### WHAT THIS TASK INVOLVES
Copy the lines of the data below exactly, starting at the first and stopping after the line that contains "Robot\Ultrasonic sensor\Ultrasonic Sensor.iam"; include no pictures.

+===+

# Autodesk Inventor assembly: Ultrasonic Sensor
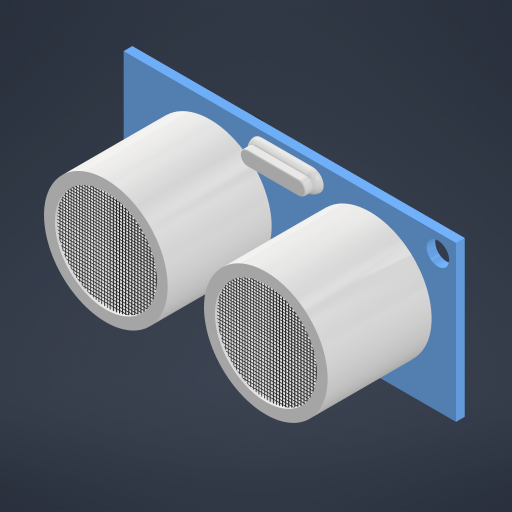
[picture p0: Inventor's stored thumbnail of the model, 512x512]
Saved by Autodesk Inventor 2024 (Build 280153000, 153)
## iProperties
Created: 2025-11-28
Part Number: Ultrasonic Sensor
Document SubType Name: Assembly
Designer: Vincent Larson
Author: Vincent Larson
## Documents named in this file (3)
- C:\Users\Vincent Larson\Downloads\Digital Ship Challenge\Digital Ship Challenge Robot\Ultrasonic sensor\Ultrasonic Sensor.iam
- C:\Users\Vincent Larson\Downloads\Digital Ship Challenge\Digital Ship Challenge Robot\Ultrasonic sensor\Ultrasonic sensor board.ipt
- C:\Users\Vincent Larson\Downloads\Digital Ship Challenge\Digital Ship Challenge Robot\Ultrasonic sensor\Ultrasonic sensor piece.ipt
## Components (3 placed, 2 different names)
1. Ultrasonic sensor board:1 — Mate:1, Mate:2
2. Ultrasonic sensor piece:1 — Mate:1
3. Ultrasonic sensor piece:2 — Mate:2
## Relationships (2: Mate 2)
- Mate:1: Ultrasonic sensor board:1 ↔ Ultrasonic sensor piece:1
- Mate:2: Ultrasonic sensor board:1 ↔ Ultrasonic sensor piece:2
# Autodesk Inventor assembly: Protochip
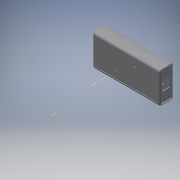
[picture p0: Inventor's stored thumbnail of the model, 180x180]
Saved by Autodesk Inventor 2016 (Build 200138000, 138)
## iProperties
Created: 2011-06-17
Part Number: Protochip
Document SubType Name: Assembly
Designer: David
Sending System: Autodesk Inventor 2011
Preprocessor: Autodesk Inventor 2011
Title: E:\Eng\Customer Service\Drawings\1593\STEP\1593Y\1593Y Assembly.stp
Author: lwalsh
## Documents named in this file (10)
- C:\Users\David\Documents\GitHub\protochip\casing\Protochip.iam
- C:\Users\David\Documents\GitHub\protochip\casing\1593Y Bottom.ipt
- C:\Users\David\Documents\GitHub\protochip\casing\1593Y Top.ipt
- C:\Users\David\Documents\GitHub\protochip\casing\1593Y Battery Cover.ipt
- C:\Users\David\Documents\GitHub\protochip\casing\1593Y Endplate.ipt
- C:\Users\David\Documents\GitHub\protochip\casing\Cheapstat.ipt
- C:\Users\David\Documents\GitHub\protochip\casing\Protochip\Design Accelerator\Bolted Connection2.iam
- C:\Users\David\Documents\GitHub\protochip\casing\Protochip\Design Accelerator\Bolted Connection3.iam
- C:\Users\David\Documents\GitHub\protochip\casing\Protochip\Design Accelerator\Bolted Connection4.iam
- C:\Users\David\Documents\GitHub\protochip\casing\Protochip\Design Accelerator\Bolted Connection5.iam
## Components (9 placed, 6 different names)
1. 1593Y Bottom:1 — Rigid:1, Slider:1, Rigid:2
2. 1593Y Top:1 — Rigid:1, Mate:1, Angle:1, Mate:4, Mate:7, Mate:9, Mate:10, Mate:14, Mate:16, Mate:18, Mate:20, Mate:22
3. 1593Y Battery Cover:1 — Slider:1
4. 1593Y Endplate:1 — Rigid:2
5. Cheapstat:1 — Mate:1, Angle:1, Mate:8, Mate:11, Mate:15, Mate:17, Mate:19, Mate:21
6. Bolted Connection:1 [sub-assembly] — Mate:15, Mate:16
7. Bolted Connection:2 [sub-assembly] — Mate:17, Mate:18
8. Bolted Connection:3 [sub-assembly] — Mate:19, Mate:20
9. Bolted Connection:4 [sub-assembly] — Mate:21, Mate:22
## Relationships (22: Mate 18, WeldJoint 2, TranslationJoint 1, Angle 1)
- Rigid:1 [WeldJoint] (0.2 mm): 1593Y Bottom:1 ↔ 1593Y Top:1
- Slider:1 [TranslationJoint]: 1593Y Bottom:1 ↔ 1593Y Battery Cover:1
- Rigid:2 [WeldJoint]: 1593Y Bottom:1 ↔ 1593Y Endplate:1
- Mate:1: 1593Y Top:1 ↔ Cheapstat:1
- Angle:1 (0 deg): 1593Y Top:1 ↔ Cheapstat:1
- Mate:4: 1593Y Top:1
- Mate:6
- Mate:7: 1593Y Top:1
- Mate:8: Cheapstat:1
- Mate:9: 1593Y Top:1
- Mate:10: 1593Y Top:1
- Mate:11: Cheapstat:1
- Mate:12
- Mate:14: 1593Y Top:1
- Mate:15: Cheapstat:1 ↔ Bolted Connection:1
- Mate:16: 1593Y Top:1 ↔ Bolted Connection:1
- Mate:17: Cheapstat:1 ↔ Bolted Connection:2
- Mate:18: 1593Y Top:1 ↔ Bolted Connection:2
- Mate:19: Cheapstat:1 ↔ Bolted Connection:3
- Mate:20: 1593Y Top:1 ↔ Bolted Connection:3
- Mate:21: Cheapstat:1 ↔ Bolted Connection:4
- Mate:22: 1593Y Top:1 ↔ Bolted Connection:4
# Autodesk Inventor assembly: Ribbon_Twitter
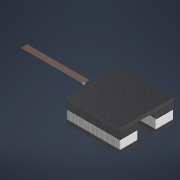
[picture p0: Inventor's stored thumbnail of the model, 180x180]
Saved by Autodesk Inventor 2022 (Build 260153070, 153G)
## iProperties
Created: 2022-02-01
Part Number: Ribbon_Twitter
Document SubType Name: Assembly
Designer: kalugin_a
Author: kalugin_a
## Documents named in this file (7)
- C:\Users\kalugin_a\Documents\Inventor\TUTO\MELAS\Workspace\Ribbon_Twitter.iam
- C:\Users\kalugin_a\Documents\Inventor\TUTO\MELAS\Workspace\NS.ipt
- C:\Users\kalugin_a\Documents\Inventor\TUTO\MELAS\Workspace\plate.ipt
- C:\Users\kalugin_a\Documents\Inventor\TUTO\MELAS\Workspace\Plate1.ipt
- C:\Users\kalugin_a\Documents\Inventor\TUTO\MELAS\Workspace\flange.ipt
- C:\Users\kalugin_a\Documents\Inventor\TUTO\MELAS\Workspace\Mwire.ipt
- C:\Users\kalugin_a\Documents\Inventor\TUTO\MELAS\Workspace\ribbon.ipt
## Components (11 placed, 6 different names)
1. NS:1 — Заподлицо:9, Заподлицо:10, Совмещение:5, Совмещение:7, Совмещение:8, Заподлицо:13, Заподлицо:14
2. NS:2 — Совмещение:6, Заподлицо:11, Заподлицо:12, Совмещение:9, Заподлицо:15, Заподлицо:16
3. plate:1 — Заподлицо:1, Заподлицо:2, Совмещение:1, Заподлицо:5, Заподлицо:6, Совмещение:3
4. Plate1:1 — Заподлицо:5, Заподлицо:6, Совмещение:3, Заподлицо:7, Совмещение:4, Заподлицо:8, Заподлицо:10
5. Plate1:2 — Заподлицо:1, Заподлицо:2, Совмещение:1, Заподлицо:3, Заподлицо:4, Совмещение:2, Заподлицо:12
6. Plate1:3 — Заподлицо:7, Совмещение:4, Заподлицо:8, Заподлицо:9, Совмещение:5
7. Plate1:4 — Заподлицо:3, Заподлицо:4, Совмещение:2, Совмещение:6, Заподлицо:11
8. flange:1 — Совмещение:7
9. Mwire:1 — Совмещение:8, Заподлицо:13, Заподлицо:14
10. Mwire:2 — Совмещение:9, Заподлицо:15, Заподлицо:16
11. ribbon:1
## Relationships (25: Flush 16, Mate 9)
- Заподлицо:1 [Flush]: plate:1 ↔ Plate1:2
- Заподлицо:2 [Flush]: plate:1 ↔ Plate1:2
- Совмещение:1 [Mate]: plate:1 ↔ Plate1:2
- Заподлицо:3 [Flush]: Plate1:2 ↔ Plate1:4
- Заподлицо:4 [Flush]: Plate1:2 ↔ Plate1:4
- Совмещение:2 [Mate]: Plate1:2 ↔ Plate1:4
- Заподлицо:5 [Flush]: plate:1 ↔ Plate1:1
- Заподлицо:6 [Flush]: plate:1 ↔ Plate1:1
- Совмещение:3 [Mate]: plate:1 ↔ Plate1:1
- Заподлицо:7 [Flush]: Plate1:1 ↔ Plate1:3
- Совмещение:4 [Mate]: Plate1:1 ↔ Plate1:3
- Заподлицо:8 [Flush]: Plate1:1 ↔ Plate1:3
- Заподлицо:9 [Flush]: NS:1 ↔ Plate1:3
- Заподлицо:10 [Flush]: NS:1 ↔ Plate1:1
- Совмещение:5 [Mate]: NS:1 ↔ Plate1:3
- Совмещение:6 [Mate]: NS:2 ↔ Plate1:4
- Заподлицо:11 [Flush]: NS:2 ↔ Plate1:4
- Заподлицо:12 [Flush]: NS:2 ↔ Plate1:2
- Совмещение:7 [Mate] (50 mm): NS:1 ↔ flange:1
- Совмещение:8 [Mate]: NS:1 ↔ Mwire:1
- Заподлицо:13 [Flush]: NS:1 ↔ Mwire:1
- Заподлицо:14 [Flush]: NS:1 ↔ Mwire:1
- Совмещение:9 [Mate]: NS:2 ↔ Mwire:2
- Заподлицо:15 [Flush]: NS:2 ↔ Mwire:2
- Заподлицо:16 [Flush]: NS:2 ↔ Mwire:2

+===+

### EXERCISE RESPONSE
# Autodesk Inventor assembly: Ultrasonic Sensor
[picture p0: Inventor's stored thumbnail of the model, 512x512]
Saved by Autodesk Inventor 2024 (Build 280153000, 153)
## iProperties
Created: 2025-11-28
Part Number: Ultrasonic Sensor
Document SubType Name: Assembly
Designer: Vincent Larson
Author: Vincent Larson
## Documents named in this file (3)
- C:\Users\Vincent Larson\Downloads\Digital Ship Challenge\Digital Ship Challenge Robot\Ultrasonic sensor\Ultrasonic Sensor.iam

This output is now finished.